Si lasciava la falce ed il falcetto, per imbracciare asce, segoni, martelli e scalpelli.

Si lasciava il grano e la piana rovente del fucino, e si saliva sulle alte vette del monte Sirente.

Era un mestiere provvisorio, come diremmo oggi, part time o a tempo brevissimo determinato. Era il mestiere dei cavatori di ghiaccio di Celano, per la maggior parte ragazzi.

I ragazzi, partivano in piena notte con muli ed asini. Alle quattro del mattino si trovavano proprio sotto le neviere ed i ghiacciai del Sirente. Un gruppo si fermava prima nei crepacci e nelle zone all’ombra rimaste ancora ghiacciate . Alcuni nel “Jaccio della fonte del Favo”,  altri sopra “la Paura”, ed altri raggiungevano proprio la neviera della vetta.

Alle prime luci già  avevano  segnato  i primi blocchi da tagliare nei posti piu’ comodi.

Una volta praticato i numerosi fori di alcuni centimetri, e fatti dei tagli con l’ascia, si spaccava il ghiaccio, cercando di far uscire un blocco non molto grande, ma abbastanza consistente (circa 50 chili) per issarlo sopra il dorso dell’asino o del mulo che portavano  fino a 4 blocchi (2 quintali).

Si procedeva anche con un segone da falegname per squadrarlo. Preso tutto il ghiaccio necessario, si rivestiva con polvere di trebbiatura e paglia, si avvolgeva nei sacchi, si caricava sopra  gli animali e si procedeva per il ritorno in paese.

Una volta giunti in paese, si vendeva ai bar, alle cantine, agli ospedali,  e nelle case di qualche ricco signore. Tutto questo specialmente per la festa dei Santi Martiri ad Agosto (le prime granite).

Un anziano mi raccontava che, siccome quelli di Celano erano tanti, facevano una specie di società per comprare insieme degli asini alla fiera di San Giuseppe a Pescina. Questi asini,  venivano usati tutta l’estate, per poi rivenderli  appena finiva il lavoro di trasportatori di ghiaccio.

Addirittura ci sono testimonianze ancora viventi, che ricordano come nel caso di alcuni incidenti gravissimi, subito siano partite delle squadre di ragazzi a prendere il ghiaccio al Sirente, utilizzato da antinfiammatorio e per  alleviare il dolore.

Altri viaggi invece, venivano fatti per il Lazio e la Puglia sempre a dorso di mulo. Centinaia di chilometri, con il ghiaccio che sgocciolava, ma alla fine del viaggio, ne rimaneva  il 50%.
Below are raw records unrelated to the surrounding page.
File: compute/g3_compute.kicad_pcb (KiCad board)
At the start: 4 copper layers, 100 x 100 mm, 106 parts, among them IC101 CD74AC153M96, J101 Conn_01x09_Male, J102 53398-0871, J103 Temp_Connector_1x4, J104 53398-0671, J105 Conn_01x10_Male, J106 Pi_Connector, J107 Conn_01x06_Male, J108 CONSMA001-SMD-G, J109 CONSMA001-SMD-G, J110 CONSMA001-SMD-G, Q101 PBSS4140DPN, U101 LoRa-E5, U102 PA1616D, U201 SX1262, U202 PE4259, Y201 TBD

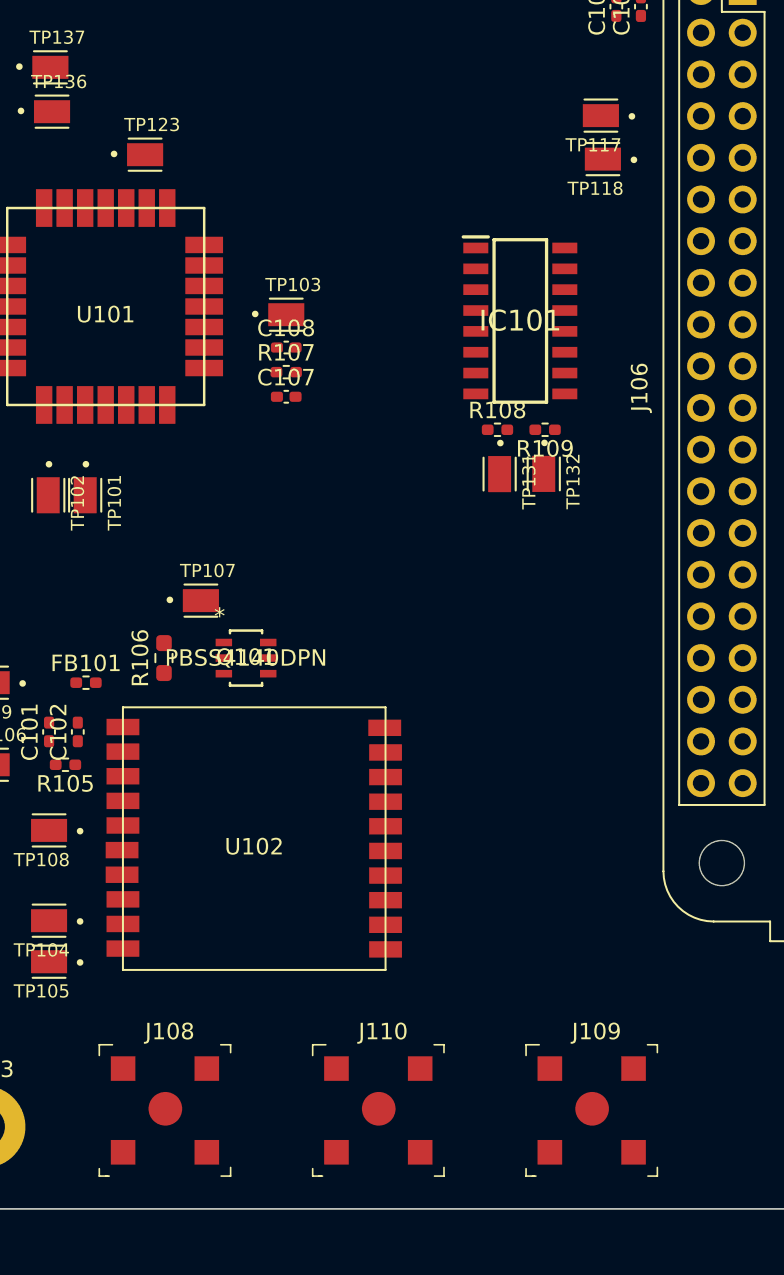
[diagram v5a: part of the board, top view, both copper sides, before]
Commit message: Changed pinnout of UART MUX to make routing easier
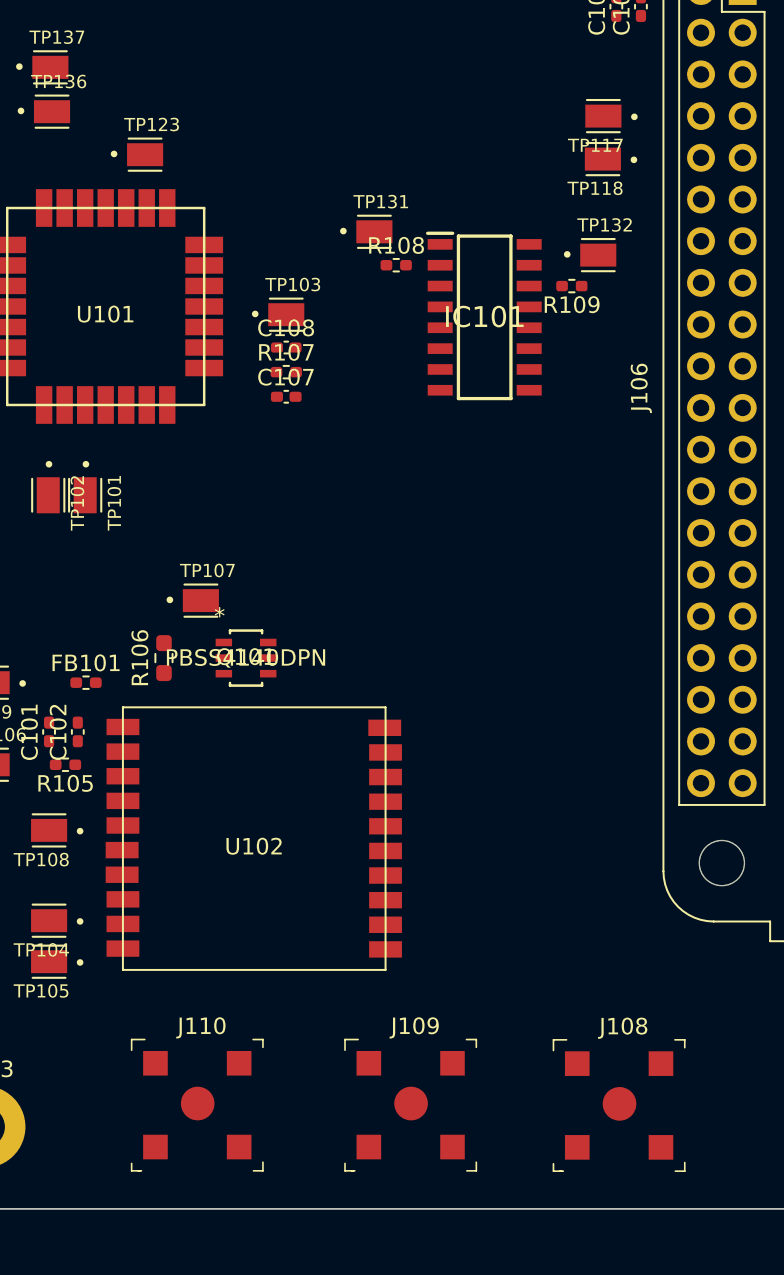
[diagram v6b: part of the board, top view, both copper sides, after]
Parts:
- moved J108 27.7 mm to (143.7, 143.7)
- moved TP131 16.6 mm to (128.8, 90.5), turned to 0 degrees
- moved TP132 13.7 mm to (142.4, 91.9), turned to 0 degrees
- moved R108 11.8 mm to (130.1, 92.5)
- moved J109 11.0 mm to (131.0, 143.7)
- moved J110 11.0 mm to (118.0, 143.7)
- moved R109 8.91 mm to (140.8, 93.8)
- moved IC101 2.18 mm to (135.5, 95.7)
- moved TP117 0.15 mm to (142.7, 83.4)
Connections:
- IC101 pad 10: /LOAD_TX -> /GPS_TX
- IC101 pad 12: /CPPC_TX -> /LOAD_TX
- IC101 pad 13: /GPS_TX -> /CPPC_TX
- IC101 pad 3: /GPS_RX -> /CPPC_RX
- IC101 pad 4: /CPPC_RX -> /LOAD_RX
- IC101 pad 6: /LOAD_RX -> /GPS_RX
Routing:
- added copper zone on 3V3, net +3V3
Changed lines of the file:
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@@
   (layers
     (0 F.Cu signal)
-    (1 GND power hide)
+    (1 GND power)
     (2 3V3 power)
     (31 B.Cu signal)
@@
     (mod_text_size 1 1)
     (mod_text_width 0.15)
-    (pad_size 2.2 1.4)
+    (pad_size 0.65 1.525)
     (pad_drill 0)
     (pad_to_mask_clearance 0)
     (aux_axis_origin 0 0)
     (grid_origin 20 20)
-    (visible_elements 7FFFFFFF)
+    (visible_elements 7FFFF7FF)
     (pcbplotparams
       (layerselection 0x010fc_ffffffff)
@@
   )
   (module Perch:HARWIN_S2751-46R (layer F.Cu)
-    (at 139.08 105.22 270)
-    (fp_text reference TP132 (at 0.44 -1.808 90) (layer F.SilkS)
+    (at 142.4 91.89)
+    (fp_text reference TP132 (at 0.44 -1.808) (layer F.SilkS)
       (effects (font (size 0.8 0.8) (thickness 0.15)))
     )
-    (fp_text value TestPoint (at 5.898 1.572 90) (layer F.Fab)
+    (fp_text value TestPoint (at 5.898 1.572) (layer F.Fab)
       (effects (font (size 0.8 0.8) (thickness 0.15)))
     )
@@
     (fp_line (start -1 -0.98) (end 1 -0.98) (layer F.SilkS) (width 0.127))
     (fp_line (start 1 0.98) (end -1 0.98) (layer F.SilkS) (width 0.127))
-    (pad 1 smd rect (at 0 0 270) (size 2.2 1.4) (layers F.Cu F.Paste F.Mask)
+    (pad 1 smd rect (at 0 0) (size 2.2 1.4) (layers F.Cu F.Paste F.Mask)
       (net 56 /MUX_SELB))
   )
   (module Perch:HARWIN_S2751-46R (layer F.Cu)
-    (at 136.39 105.23 270)
-    (fp_text reference TP131 (at 0.44 -1.808 90) (layer F.SilkS)
+    (at 128.76 90.47)
+    (fp_text reference TP131 (at 0.44 -1.808) (layer F.SilkS)
       (effects (font (size 0.8 0.8) (thickness 0.15)))
     )
-    (fp_text value TestPoint (at 5.898 1.572 90) (layer F.Fab)
+    (fp_text value TestPoint (at 5.898 1.572) (layer F.Fab)
       (effects (font (size 0.8 0.8) (thickness 0.15)))
     )
@@
     (fp_line (start -1 -0.98) (end 1 -0.98) (layer F.SilkS) (width 0.127))
     (fp_line (start 1 0.98) (end -1 0.98) (layer F.SilkS) (width 0.127))
-    (pad 1 smd rect (at 0 0 270) (size 2.2 1.4) (layers F.Cu F.Paste F.Mask)
+    (pad 1 smd rect (at 0 0) (size 2.2 1.4) (layers F.Cu F.Paste F.Mask)
       (net 47 /MUX_SELA))
   )
@@
   )
   (module Perch:HARWIN_S2751-46R (layer F.Cu)
-    (at 142.56 83.39 180)
+    (at 142.71 83.42 180)
     (fp_text reference TP117 (at 0.44 -1.808) (layer F.SilkS)
       (effects (font (size 0.8 0.8) (thickness 0.15)))
@@
   )
   (module Resistor_SMD:R_0402_1005Metric_Pad0.72x0.64mm_HandSolder (layer F.Cu)
-    (at 139.16 102.53 180)
+    (at 140.79 93.775 180)
     (descr "Resistor SMD 0402 (1005 Metric), square (rectangular) end terminal, IPC_7351 nominal with elongated pad for handsoldering. (Body size source: IPC-SM-782 page 72, https://www.pcb-3d.com/wordpress/wp-content/uploads/ipc-sm-782a_amendment_1_and_2.pdf), generated with kicad-footprint-generator")
     (tags "resistor handsolder")
@@
   )
   (module Resistor_SMD:R_0402_1005Metric_Pad0.72x0.64mm_HandSolder (layer F.Cu)
-    (at 136.26 102.53)
+    (at 130.09 92.505)
     (descr "Resistor SMD 0402 (1005 Metric), square (rectangular) end terminal, IPC_7351 nominal with elongated pad for handsoldering. (Body size source: IPC-SM-782 page 72, https://www.pcb-3d.com/wordpress/wp-content/uploads/ipc-sm-782a_amendment_1_and_2.pdf), generated with kicad-footprint-generator")
     (tags "resistor handsolder")
@@
   )
   (module digikey-footprints:RF_SMA_Receptical_Vertical_CONSMA001-SMD-G (layer F.Cu)
-    (at 129 144)
+    (at 117.97 143.68)
     (attr smd)
     (fp_text reference J110 (at 0.3 -4.8) (layer F.SilkS)
@@
   )
   (module digikey-footprints:RF_SMA_Receptical_Vertical_CONSMA001-SMD-G (layer F.Cu)
-    (at 142 144)
+    (at 130.97 143.68)
     (attr smd)
     (fp_text reference J109 (at 0.3 -4.8) (layer F.SilkS)
@@
   )
   (module digikey-footprints:RF_SMA_Receptical_Vertical_CONSMA001-SMD-G (layer F.Cu)
-    (at 116 144)
+    (at 143.67 143.7)
     (attr smd)
     (fp_text reference J108 (at 0.3 -4.8) (layer F.SilkS)
@@
   )
   (module Perch:SOIC127P600X175-16N_MUX (layer F.Cu)
-    (at 137.65 95.9)
+    (at 135.48 95.68)
     (descr "D (R-PDSO-G16)")
     (tags "Integrated Circuit")
@@
       (net 47 /MUX_SELA))
     (pad 3 smd rect (at -2.712 -1.905 90) (size 0.65 1.525) (layers F.Cu F.Paste F.Mask)
-      (net 48 /GPS_RX))
-    (pad 4 smd rect (at -2.712 -0.635 90) (size 0.65 1.525) (layers F.Cu F.Paste F.Mask)
       (net 49 /CPPC_RX))
+    (pad 4 smd rect (at -2.712 -0.635 90) (size 0.65 1.525) (layers F.Cu F.Paste F.Mask)
+      (net 50 /LOAD_RX))
     (pad 5 smd rect (at -2.712 0.635 90) (size 0.65 1.525) (layers F.Cu F.Paste F.Mask)
       (net 20 /E5_RX))
     (pad 6 smd rect (at -2.712 1.905 90) (size 0.65 1.525) (layers F.Cu F.Paste F.Mask)
-      (net 50 /LOAD_RX))
+      (net 48 /GPS_RX))
     (pad 7 smd rect (at -2.712 3.175 90) (size 0.65 1.525) (layers F.Cu F.Paste F.Mask)
       (net 51 /PI_TXD0))
@@
       (net 52 /PI_RXD0))
     (pad 10 smd rect (at 2.712 3.175 90) (size 0.65 1.525) (layers F.Cu F.Paste F.Mask)
-      (net 53 /LOAD_TX))
+      (net 55 /GPS_TX))
     (pad 11 smd rect (at 2.712 1.905 90) (size 0.65 1.525) (layers F.Cu F.Paste F.Mask)
       (net 21 /E5_TX))
     (pad 12 smd rect (at 2.712 0.635 90) (size 0.65 1.525) (layers F.Cu F.Paste F.Mask)
-      (net 54 /CPPC_TX))
+      (net 53 /LOAD_TX))
     (pad 13 smd rect (at 2.712 -0.635 90) (size 0.65 1.525) (layers F.Cu F.Paste F.Mask)
-      (net 55 /GPS_TX))
+      (net 54 /CPPC_TX))
     (pad 14 smd rect (at 2.712 -1.905 90) (size 0.65 1.525) (layers F.Cu F.Paste F.Mask)
       (net 56 /MUX_SELB))
@@
     (polygon
       (pts
-        (xy 201.975 38.75) (xy 201.9 141.9) (xy 98.425 141.725) (xy 98.35 38.75) (xy 98.5 38.575)
-        (xy 98.675 38.5) (xy 98.575 38.35)
+        (xy 201.975 38.75) (xy 201.9 141.9) (xy 200.719008 141.898003) (xy 200.64 152.52) (xy 95.31 152.89)
+        (xy 97.98 48.59) (xy 98.357168 48.591495) (xy 98.35 38.75) (xy 98.5 38.575) (xy 98.675 38.5)
+        (xy 98.575 38.35)
+      )
+    )
+  )
+  (zone (net 30) (net_name +3V3) (layer 3V3) (hatch edge 0.508)
+    (connect_pads (clearance 0.508))
+    (min_thickness 0.254)
+    (fill yes (arc_segments 32) (thermal_gap 0.508) (thermal_bridge_width 0.508))
+    (polygon
+      (pts
+        (xy 201.51 47.16) (xy 201.06 154.52) (xy 93.91 154.21) (xy 95.59 46.39)
       )
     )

Nella Montagna Grande si Celano (Sirente), completamente esposta al sole di mezzogiorno, erano poche le zone dove il ghiaccio resisteva tutto l’anno. Infatti, alcuni cavatori che facevano questo, come mestiere principale, si dovevano rivolgere al comune di Secinaro che aveva, vista la richiesta, creato un apposito capitolo di bilancio, per vendere il ghiaccio ai commercianti ed ai cavatori di altri paesi, visto che la neviera del Sirente di Secinaro, esposta a nord, durava tutto l’anno.

In tempi ancora più antichi, nell’ epoca dei Conti, questo mestiere veniva svolto molto spesso,  in quanto la nobiltà non badava a spese e soprattutto aveva sudditi  a costo zero, e usava tutto l’anno le neviere dentro le abitazioni castellane, alimentate appunto dal ghiaccio tagliato nel Sirente.

 Un esempio per tutti, la ghiacciaia/neviera di Goriano Sicoli, lungo l’antico Regio Tratturo Celano Foggia, ancora visibile nella sua antica struttura. La costruzione, con malta e pietre, e con le sue bocche di areazione sotterranee, ospitava il ghiaccio di enormi carovane di muli, che lì lo depositavano, per poi successivamente ricaricarlo e trasportarlo attraverso l’antico Tratturo, nelle Regioni dell’Italia Meridionale, addirittura fino a Bari, e da lì, alcuni blocchi raggiungevano via mare anche terre non italiane.

In ricordo di mio padre, anche egli spesso un cavatore di ghiaccio.